Data entries
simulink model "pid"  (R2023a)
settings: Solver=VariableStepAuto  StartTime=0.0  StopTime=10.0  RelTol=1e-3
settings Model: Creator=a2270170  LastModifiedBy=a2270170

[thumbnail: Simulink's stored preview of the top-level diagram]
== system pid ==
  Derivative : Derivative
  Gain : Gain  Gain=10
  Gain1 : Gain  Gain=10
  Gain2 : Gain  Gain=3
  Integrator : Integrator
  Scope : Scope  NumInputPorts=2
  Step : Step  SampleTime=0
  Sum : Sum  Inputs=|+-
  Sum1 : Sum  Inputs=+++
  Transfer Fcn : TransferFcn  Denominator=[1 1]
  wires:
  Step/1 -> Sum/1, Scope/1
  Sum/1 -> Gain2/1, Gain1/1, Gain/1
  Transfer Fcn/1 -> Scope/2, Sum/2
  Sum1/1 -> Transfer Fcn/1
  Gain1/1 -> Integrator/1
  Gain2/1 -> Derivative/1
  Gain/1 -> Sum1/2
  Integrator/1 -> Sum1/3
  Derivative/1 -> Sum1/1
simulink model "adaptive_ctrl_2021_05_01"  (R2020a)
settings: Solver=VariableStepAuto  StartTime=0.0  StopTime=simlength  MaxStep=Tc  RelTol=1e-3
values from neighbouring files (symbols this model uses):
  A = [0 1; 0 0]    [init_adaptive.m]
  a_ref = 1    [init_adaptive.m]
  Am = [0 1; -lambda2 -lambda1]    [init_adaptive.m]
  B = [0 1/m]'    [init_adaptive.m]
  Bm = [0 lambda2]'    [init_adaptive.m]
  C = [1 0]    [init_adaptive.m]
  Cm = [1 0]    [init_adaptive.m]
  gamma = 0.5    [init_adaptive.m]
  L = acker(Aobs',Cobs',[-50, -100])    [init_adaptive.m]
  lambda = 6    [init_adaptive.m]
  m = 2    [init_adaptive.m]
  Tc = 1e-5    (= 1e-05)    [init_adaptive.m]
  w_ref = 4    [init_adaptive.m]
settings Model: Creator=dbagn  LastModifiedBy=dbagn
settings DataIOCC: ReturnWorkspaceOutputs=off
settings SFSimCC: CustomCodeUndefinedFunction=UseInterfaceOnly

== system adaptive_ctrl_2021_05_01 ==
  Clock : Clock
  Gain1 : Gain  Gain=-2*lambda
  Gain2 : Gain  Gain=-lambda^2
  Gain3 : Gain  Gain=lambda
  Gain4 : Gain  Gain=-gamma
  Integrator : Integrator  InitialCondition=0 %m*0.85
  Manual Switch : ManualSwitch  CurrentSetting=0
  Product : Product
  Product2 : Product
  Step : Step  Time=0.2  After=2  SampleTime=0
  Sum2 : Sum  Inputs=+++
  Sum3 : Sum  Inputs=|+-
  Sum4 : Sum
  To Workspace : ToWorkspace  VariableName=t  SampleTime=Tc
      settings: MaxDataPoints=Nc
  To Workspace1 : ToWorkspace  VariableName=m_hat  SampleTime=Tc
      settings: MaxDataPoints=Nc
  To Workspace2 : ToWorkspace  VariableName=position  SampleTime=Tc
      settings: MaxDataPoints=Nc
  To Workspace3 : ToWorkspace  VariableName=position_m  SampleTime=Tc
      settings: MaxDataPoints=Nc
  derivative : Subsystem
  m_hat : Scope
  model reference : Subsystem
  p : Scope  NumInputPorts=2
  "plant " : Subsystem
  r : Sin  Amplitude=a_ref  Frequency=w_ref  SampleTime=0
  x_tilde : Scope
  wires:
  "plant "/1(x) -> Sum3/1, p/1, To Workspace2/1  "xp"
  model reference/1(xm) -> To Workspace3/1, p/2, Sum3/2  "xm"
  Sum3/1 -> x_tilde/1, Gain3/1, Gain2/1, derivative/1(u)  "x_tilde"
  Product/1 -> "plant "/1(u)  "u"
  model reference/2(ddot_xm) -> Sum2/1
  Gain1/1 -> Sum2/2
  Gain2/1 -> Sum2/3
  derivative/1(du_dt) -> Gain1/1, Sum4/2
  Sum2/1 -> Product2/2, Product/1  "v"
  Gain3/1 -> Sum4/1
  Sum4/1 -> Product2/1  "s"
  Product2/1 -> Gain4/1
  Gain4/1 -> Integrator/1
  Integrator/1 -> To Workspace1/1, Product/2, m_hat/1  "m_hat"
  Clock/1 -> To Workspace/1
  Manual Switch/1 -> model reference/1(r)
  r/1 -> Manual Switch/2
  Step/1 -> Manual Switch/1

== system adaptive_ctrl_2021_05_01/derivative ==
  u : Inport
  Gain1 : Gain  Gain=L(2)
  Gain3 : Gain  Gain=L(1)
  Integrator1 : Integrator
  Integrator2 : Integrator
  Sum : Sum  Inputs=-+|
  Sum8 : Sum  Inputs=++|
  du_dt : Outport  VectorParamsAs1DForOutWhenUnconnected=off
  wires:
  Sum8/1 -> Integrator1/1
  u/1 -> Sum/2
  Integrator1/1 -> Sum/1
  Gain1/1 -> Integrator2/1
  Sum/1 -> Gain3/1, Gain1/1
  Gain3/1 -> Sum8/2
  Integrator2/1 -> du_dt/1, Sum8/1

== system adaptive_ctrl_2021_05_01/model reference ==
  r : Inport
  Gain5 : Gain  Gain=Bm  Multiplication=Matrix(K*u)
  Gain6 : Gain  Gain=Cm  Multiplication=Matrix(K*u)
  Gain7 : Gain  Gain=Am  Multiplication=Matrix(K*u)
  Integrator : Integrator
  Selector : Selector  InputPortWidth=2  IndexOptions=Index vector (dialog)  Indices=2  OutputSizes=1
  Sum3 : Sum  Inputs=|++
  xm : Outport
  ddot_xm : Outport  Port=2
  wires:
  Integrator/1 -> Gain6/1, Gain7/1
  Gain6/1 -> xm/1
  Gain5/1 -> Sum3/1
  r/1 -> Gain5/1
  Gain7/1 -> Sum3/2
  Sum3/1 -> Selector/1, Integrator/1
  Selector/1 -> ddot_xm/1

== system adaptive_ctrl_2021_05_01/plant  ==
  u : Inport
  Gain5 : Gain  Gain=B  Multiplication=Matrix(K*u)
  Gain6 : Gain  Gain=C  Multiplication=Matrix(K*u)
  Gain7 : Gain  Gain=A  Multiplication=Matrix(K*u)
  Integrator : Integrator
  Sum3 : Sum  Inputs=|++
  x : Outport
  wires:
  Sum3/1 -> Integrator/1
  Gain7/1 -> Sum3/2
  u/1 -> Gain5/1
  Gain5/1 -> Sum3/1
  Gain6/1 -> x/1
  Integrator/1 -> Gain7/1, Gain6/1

Exercise requirements: Write out each entry again, character for character.

Solution to this task:
simulink model "pid"  (R2023a)
settings: Solver=VariableStepAuto  StartTime=0.0  StopTime=10.0  RelTol=1e-3
settings Model: Creator=a2270170  LastModifiedBy=a2270170

[thumbnail: Simulink's stored preview of the top-level diagram]
== system pid ==
  Derivative : Derivative
  Gain : Gain  Gain=10
  Gain1 : Gain  Gain=10
  Gain2 : Gain  Gain=3
  Integrator : Integrator
  Scope : Scope  NumInputPorts=2
  Step : Step  SampleTime=0
  Sum : Sum  Inputs=|+-
  Sum1 : Sum  Inputs=+++
  Transfer Fcn : TransferFcn  Denominator=[1 1]
  wires:
  Step/1 -> Sum/1, Scope/1
  Sum/1 -> Gain2/1, Gain1/1, Gain/1
  Transfer Fcn/1 -> Scope/2, Sum/2
  Sum1/1 -> Transfer Fcn/1
  Gain1/1 -> Integrator/1
  Gain2/1 -> Derivative/1
  Gain/1 -> Sum1/2
  Integrator/1 -> Sum1/3
  Derivative/1 -> Sum1/1
simulink model "adaptive_ctrl_2021_05_01"  (R2020a)
settings: Solver=VariableStepAuto  StartTime=0.0  StopTime=simlength  MaxStep=Tc  RelTol=1e-3
values from neighbouring files (symbols this model uses):
  A = [0 1; 0 0]    [init_adaptive.m]
  a_ref = 1    [init_adaptive.m]
  Am = [0 1; -lambda2 -lambda1]    [init_adaptive.m]
  B = [0 1/m]'    [init_adaptive.m]
  Bm = [0 lambda2]'    [init_adaptive.m]
  C = [1 0]    [init_adaptive.m]
  Cm = [1 0]    [init_adaptive.m]
  gamma = 0.5    [init_adaptive.m]
  L = acker(Aobs',Cobs',[-50, -100])    [init_adaptive.m]
  lambda = 6    [init_adaptive.m]
  m = 2    [init_adaptive.m]
  Tc = 1e-5    (= 1e-05)    [init_adaptive.m]
  w_ref = 4    [init_adaptive.m]
settings Model: Creator=dbagn  LastModifiedBy=dbagn
settings DataIOCC: ReturnWorkspaceOutputs=off
settings SFSimCC: CustomCodeUndefinedFunction=UseInterfaceOnly

== system adaptive_ctrl_2021_05_01 ==
  Clock : Clock
  Gain1 : Gain  Gain=-2*lambda
  Gain2 : Gain  Gain=-lambda^2
  Gain3 : Gain  Gain=lambda
  Gain4 : Gain  Gain=-gamma
  Integrator : Integrator  InitialCondition=0 %m*0.85
  Manual Switch : ManualSwitch  CurrentSetting=0
  Product : Product
  Product2 : Product
  Step : Step  Time=0.2  After=2  SampleTime=0
  Sum2 : Sum  Inputs=+++
  Sum3 : Sum  Inputs=|+-
  Sum4 : Sum
  To Workspace : ToWorkspace  VariableName=t  SampleTime=Tc
      settings: MaxDataPoints=Nc
  To Workspace1 : ToWorkspace  VariableName=m_hat  SampleTime=Tc
      settings: MaxDataPoints=Nc
  To Workspace2 : ToWorkspace  VariableName=position  SampleTime=Tc
      settings: MaxDataPoints=Nc
  To Workspace3 : ToWorkspace  VariableName=position_m  SampleTime=Tc
      settings: MaxDataPoints=Nc
  derivative : Subsystem
  m_hat : Scope
  model reference : Subsystem
  p : Scope  NumInputPorts=2
  "plant " : Subsystem
  r : Sin  Amplitude=a_ref  Frequency=w_ref  SampleTime=0
  x_tilde : Scope
  wires:
  "plant "/1(x) -> Sum3/1, p/1, To Workspace2/1  "xp"
  model reference/1(xm) -> To Workspace3/1, p/2, Sum3/2  "xm"
  Sum3/1 -> x_tilde/1, Gain3/1, Gain2/1, derivative/1(u)  "x_tilde"
  Product/1 -> "plant "/1(u)  "u"
  model reference/2(ddot_xm) -> Sum2/1
  Gain1/1 -> Sum2/2
  Gain2/1 -> Sum2/3
  derivative/1(du_dt) -> Gain1/1, Sum4/2
  Sum2/1 -> Product2/2, Product/1  "v"
  Gain3/1 -> Sum4/1
  Sum4/1 -> Product2/1  "s"
  Product2/1 -> Gain4/1
  Gain4/1 -> Integrator/1
  Integrator/1 -> To Workspace1/1, Product/2, m_hat/1  "m_hat"
  Clock/1 -> To Workspace/1
  Manual Switch/1 -> model reference/1(r)
  r/1 -> Manual Switch/2
  Step/1 -> Manual Switch/1

== system adaptive_ctrl_2021_05_01/derivative ==
  u : Inport
  Gain1 : Gain  Gain=L(2)
  Gain3 : Gain  Gain=L(1)
  Integrator1 : Integrator
  Integrator2 : Integrator
  Sum : Sum  Inputs=-+|
  Sum8 : Sum  Inputs=++|
  du_dt : Outport  VectorParamsAs1DForOutWhenUnconnected=off
  wires:
  Sum8/1 -> Integrator1/1
  u/1 -> Sum/2
  Integrator1/1 -> Sum/1
  Gain1/1 -> Integrator2/1
  Sum/1 -> Gain3/1, Gain1/1
  Gain3/1 -> Sum8/2
  Integrator2/1 -> du_dt/1, Sum8/1

== system adaptive_ctrl_2021_05_01/model reference ==
  r : Inport
  Gain5 : Gain  Gain=Bm  Multiplication=Matrix(K*u)
  Gain6 : Gain  Gain=Cm  Multiplication=Matrix(K*u)
  Gain7 : Gain  Gain=Am  Multiplication=Matrix(K*u)
  Integrator : Integrator
  Selector : Selector  InputPortWidth=2  IndexOptions=Index vector (dialog)  Indices=2  OutputSizes=1
  Sum3 : Sum  Inputs=|++
  xm : Outport
  ddot_xm : Outport  Port=2
  wires:
  Integrator/1 -> Gain6/1, Gain7/1
  Gain6/1 -> xm/1
  Gain5/1 -> Sum3/1
  r/1 -> Gain5/1
  Gain7/1 -> Sum3/2
  Sum3/1 -> Selector/1, Integrator/1
  Selector/1 -> ddot_xm/1

== system adaptive_ctrl_2021_05_01/plant  ==
  u : Inport
  Gain5 : Gain  Gain=B  Multiplication=Matrix(K*u)
  Gain6 : Gain  Gain=C  Multiplication=Matrix(K*u)
  Gain7 : Gain  Gain=A  Multiplication=Matrix(K*u)
  Integrator : Integrator
  Sum3 : Sum  Inputs=|++
  x : Outport
  wires:
  Sum3/1 -> Integrator/1
  Gain7/1 -> Sum3/2
  u/1 -> Gain5/1
  Gain5/1 -> Sum3/1
  Gain6/1 -> x/1
  Integrator/1 -> Gain7/1, Gain6/1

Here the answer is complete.